9/30/13

that time I stopped trying to be amazing (and how my whole world exhaled)

A decade ago, I applied for a job and took a personality inventory. The hiring employee, also my future boss, came back with the results and commented, "Wow, Becky. Some perfectionistic tendencies going on."

I was genuinely surprised. Me? A perfectionist? Surely not. Perfectionists can keep their dorm room clean and finish homework weeks early. Perfectionists have toys still in their original boxes and calendars that they fill out (and don't lose) and laundry days. Perfectionists know their debit card number and fill out their checkbook registry and generally have it together.

Me, a perfectionist? Not even close.

But years later, years and years of getting to know myself, I've finally learned that perfectionism isn't in executing everything perfectly. Perfectionism is in the urge and the guilt and the self-expectation that perfection is the standard. 

And here I am, at thirty-two years old, finally realizing that for so many years, I was a perfectionist. I couldn't shake this feeling that I was a mess, that I couldn't keep it all together, that I was failing on every front. I had this horrible suspicion in the back of my head that I brought nothing to the table, that I was a liability, that I would never be enough. 

I didn't want to be healthy; I wanted to be amazing. 

And then somewhere along the way, I began to let that go. I began to write about being myself and transparency and figuring out who I am. I began to live outside of expectations and embrace my freedom in Christ, and try to believe the radical notion that He is Enough and I am enough and that is all enough. 

This all came full circle today when I was standing in my kitchen (which is a disaster of almost-needing-an-intervention proportions), when I thought. I'm so glad that I'm done with amazing. Faithful is the new amazing.

Amazing? Not so much. 

But faithful? That's something I can chase every day. That's something that clarifies things for me. That's something I will gladly give my life to. I know who I am. I know what God is asking of me right now- and I can be faithful in the midst of that.

Homeschool days falling apart, kids crying over spelling, schedule out the window and heart issues needing attention...I can be faithful in that.

House askew, kitchen just plain nuts, laundry needing attention...I can be faithful in that. 

The call to love with my whole heart, the urge to be about grace, the joy of living free...I can be faithful in that. 

Amazing was about me.
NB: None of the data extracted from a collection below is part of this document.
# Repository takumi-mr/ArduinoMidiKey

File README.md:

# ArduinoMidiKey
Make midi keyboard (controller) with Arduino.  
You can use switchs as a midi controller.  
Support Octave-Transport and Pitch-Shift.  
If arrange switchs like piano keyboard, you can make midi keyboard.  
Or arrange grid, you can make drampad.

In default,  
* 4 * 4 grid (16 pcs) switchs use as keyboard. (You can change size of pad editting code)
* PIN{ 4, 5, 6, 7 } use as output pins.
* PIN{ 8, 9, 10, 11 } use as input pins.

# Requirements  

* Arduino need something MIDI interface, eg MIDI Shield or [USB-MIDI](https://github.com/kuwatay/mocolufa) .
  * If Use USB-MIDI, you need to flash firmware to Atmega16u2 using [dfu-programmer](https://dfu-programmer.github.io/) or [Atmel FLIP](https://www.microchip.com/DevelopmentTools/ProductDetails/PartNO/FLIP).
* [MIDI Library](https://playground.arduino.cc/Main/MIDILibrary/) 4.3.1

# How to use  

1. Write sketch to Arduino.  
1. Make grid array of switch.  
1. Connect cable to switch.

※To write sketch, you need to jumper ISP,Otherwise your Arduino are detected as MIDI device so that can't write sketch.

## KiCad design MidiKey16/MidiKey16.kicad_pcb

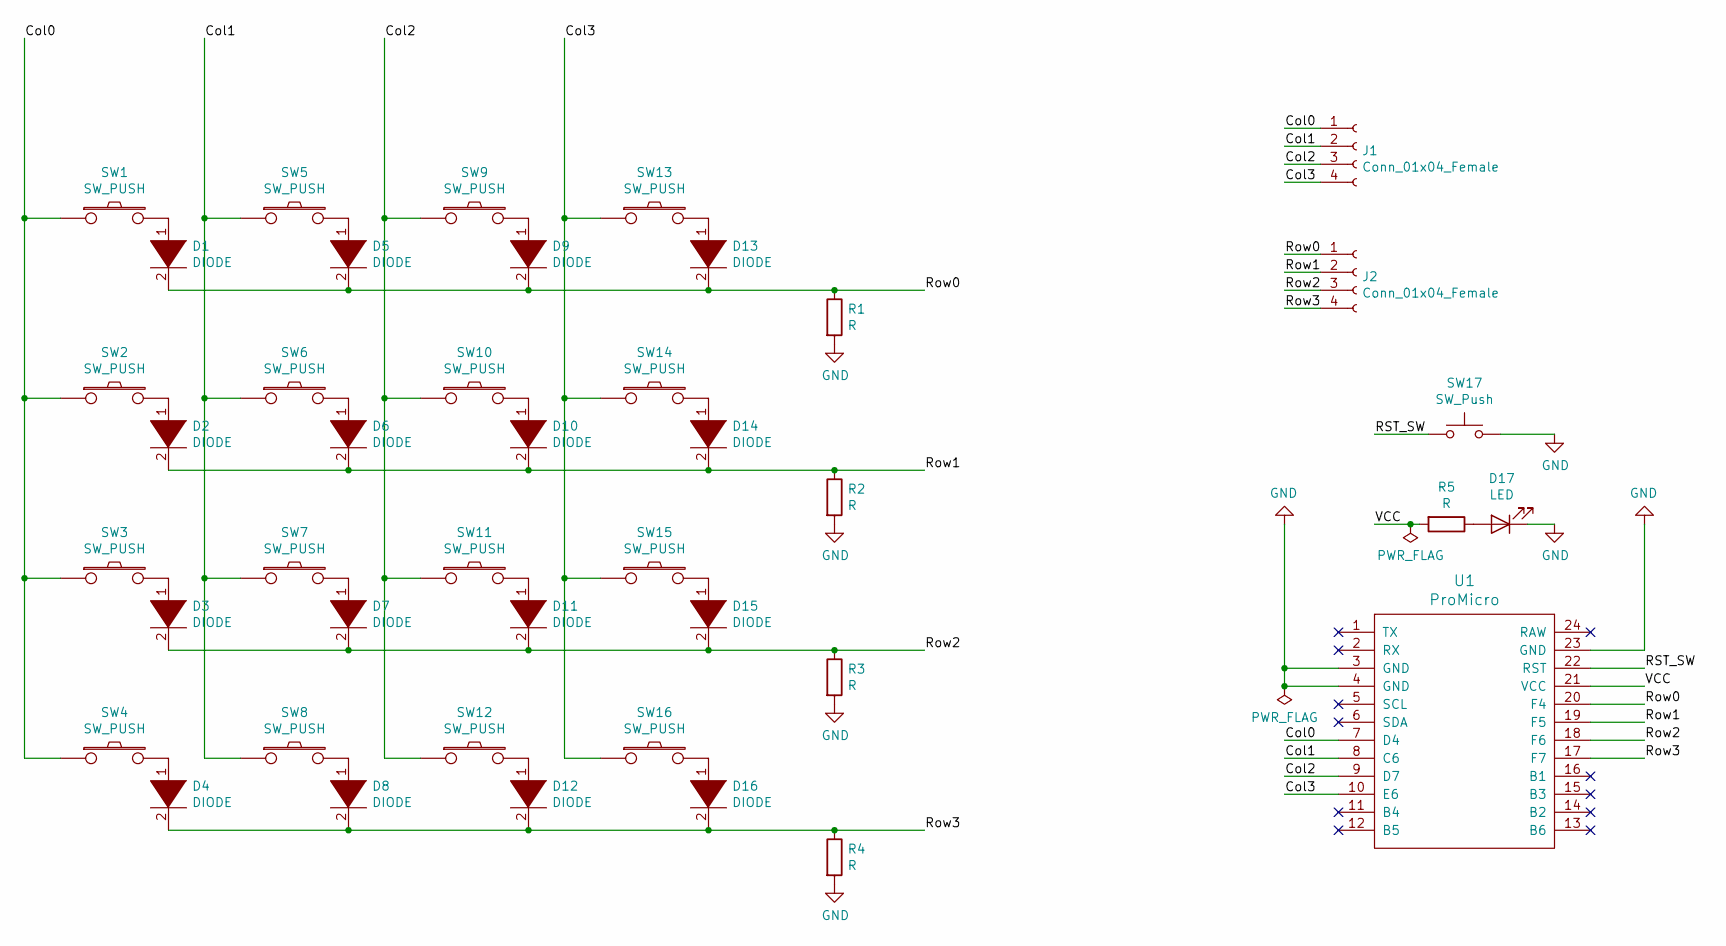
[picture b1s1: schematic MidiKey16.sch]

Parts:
D1, D2, D3, D4, D5, D6, D7, D8, D9, D10, D11, D12, D13, D14, D15, D16: DIODE; D_A-405_P7.62mm_Horizontal
D17: LED; LED_D5.0mm
J1, J2: Conn_01x04_Female; PinSocket_1x04_P2.54mm_Vertical
R1, R2, R3, R4, R5: R; R_Axial_DIN0207_L6.3mm_D2.5mm_P7.62mm_Horizontal
SW1, SW2, SW3, SW4, SW5, SW6, SW7, SW8, SW9, SW10, SW11, SW12, SW13, SW14, SW15, SW16: SW_PUSH; SW_Cherry_MX_1.00u_PCB
SW17: SW_Push; SW_PUSH_6mm
U1: ProMicro; Pro_Micro

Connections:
/Col0: J1.1, SW1.1, SW2.1, SW3.1, SW4.1, U1.7 (D4)
/Col1: J1.2, SW5.1, SW6.1, SW7.1, SW8.1, U1.8 (C6)
/Col2: J1.3, SW9.1, SW10.1, SW11.1, SW12.1, U1.9 (D7)
/Col3: J1.4, SW13.1, SW14.1, SW15.1, SW16.1, U1.10 (E6)
/RST_SW: SW17.1, U1.22 (RST)
/Row0: D1.2 (A), D5.2 (A), D9.2 (A), D13.2 (A), J2.1, R1.1, U1.20 (F4)
/Row1: D2.2 (A), D6.2 (A), D10.2 (A), D14.2 (A), J2.2, R2.1, U1.19 (F5)
/Row2: D3.2 (A), D7.2 (A), D11.2 (A), D15.2 (A), J2.3, R3.1, U1.18 (F6)
/Row3: D4.2 (A), D8.2 (A), D12.2 (A), D16.2 (A), J2.4, R4.1, U1.17 (F7)
/VCC: R5.2, U1.21 (VCC)
GND: D17.1 (K), R1.2, R2.2, R3.2, R4.2, SW17.2, U1.3 (GND), U1.4 (GND), U1.23 (GND)
unnamed: D1.1 (K), SW1.2
unnamed: D2.1 (K), SW2.2
unnamed: D3.1 (K), SW3.2
unnamed: D4.1 (K), SW4.2
unnamed: D5.1 (K), SW5.2
unnamed: D6.1 (K), SW6.2
unnamed: D7.1 (K), SW7.2
unnamed: D8.1 (K), SW8.2
unnamed: D9.1 (K), SW9.2
unnamed: D10.1 (K), SW10.2
unnamed: D11.1 (K), SW11.2
unnamed: D12.1 (K), SW12.2
unnamed: D13.1 (K), SW13.2
unnamed: D14.1 (K), SW14.2
unnamed: D15.1 (K), SW15.2
unnamed: D16.1 (K), SW16.2
unnamed: D17.2 (A), R5.1

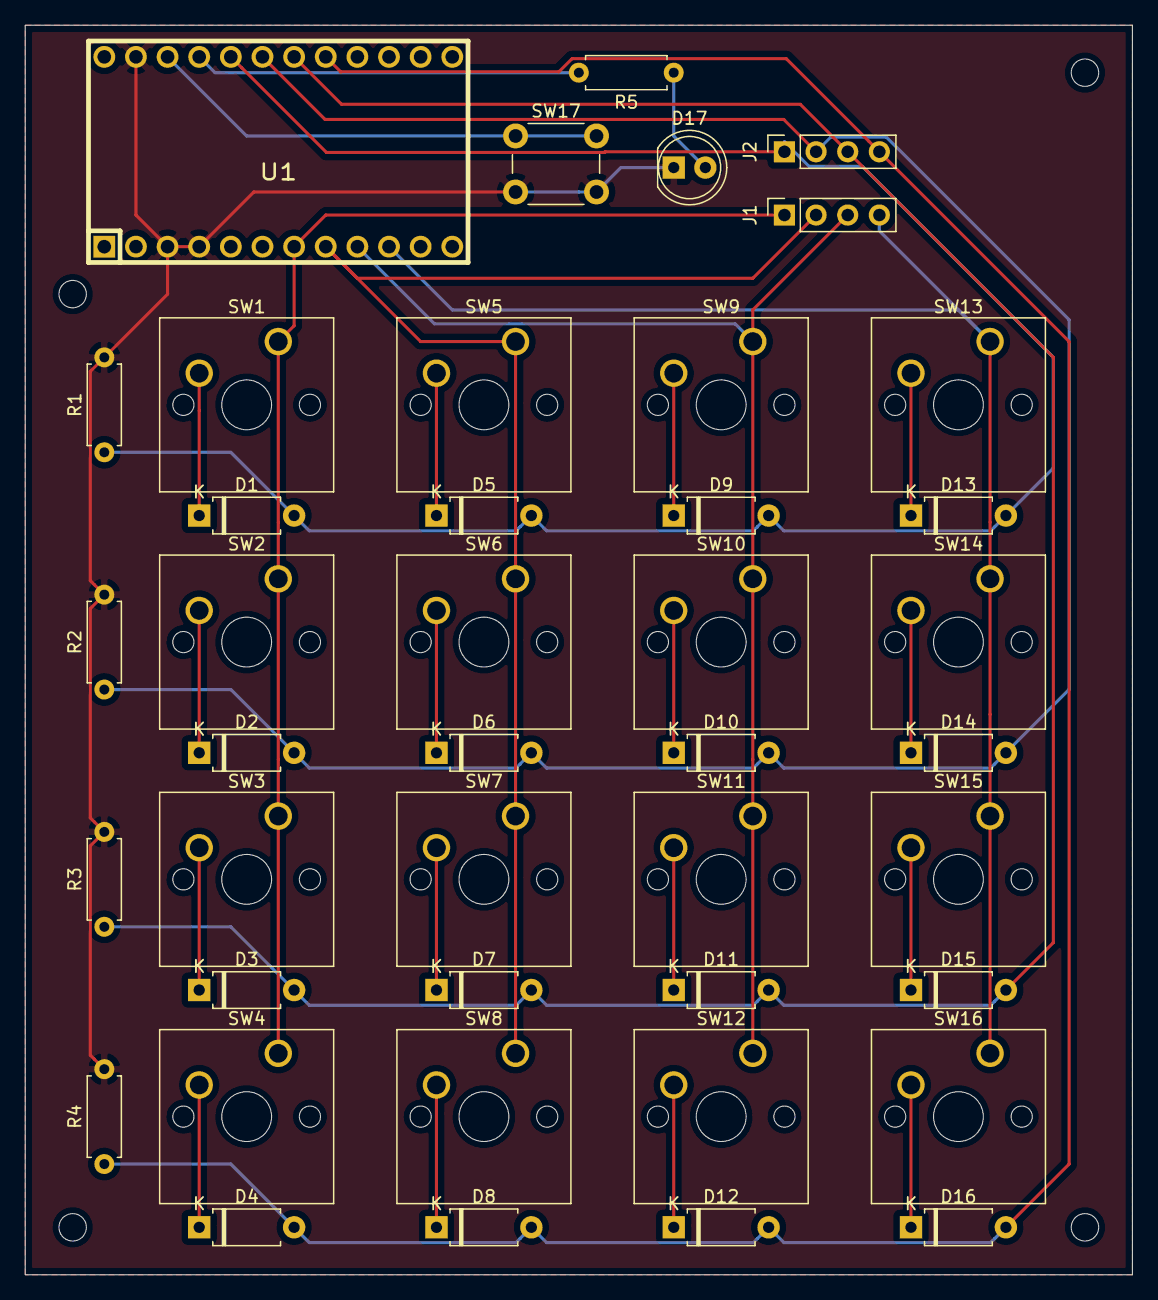
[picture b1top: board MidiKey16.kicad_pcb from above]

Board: 2 copper layers, 88.9 x 100.3 mm, 42 parts (0 on the bottom side), 28 nets.

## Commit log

2020-01-01 Create LICENSE

Faithful is about others, about Christ in me, about abundant life right here.

And then my world exhaled. 

Thankfully, I found that when I wasn't trying to be amazing, I could dare to do crazy things like abandon dishes to dance with my kids and push aside nothings to love others and write things for me, just for me, because it speaks to me when I write them.  In search of faithful I can invite others into the chaos and forge friendships that intimidate me and seek first the Kingdom, not for attention or facebook shout outs or pats on the back, but for real. 

Oh, friend. So many of you may be chasing amazing, and you may even be pulling it off fairly well. But let me just say, I've crossed over to something new, and life over here is, well, it's amazing. 

Feel free to join me. I hope you will. 

1 comment:

Erica said...

So here's something I've been pondering--I wonder if the desire for perfect is one of the small ways God has placed eternity in our hearts. I feel like the desire for things to finally be the way they are supposed to be, not always flawed, not always marred by sin, not always shaded by poor motives on my part, etc--I feel like that is what drives me to long for heaven and finally being with Perfection Himself. Not in an escapist way, but just holding loosely to the things I wish were perfect, knowing they will not yet be fulfilled. I'm not sure I have these thoughts fully fleshed out yet, but it's been on my brain lately, and your post reminded me of that.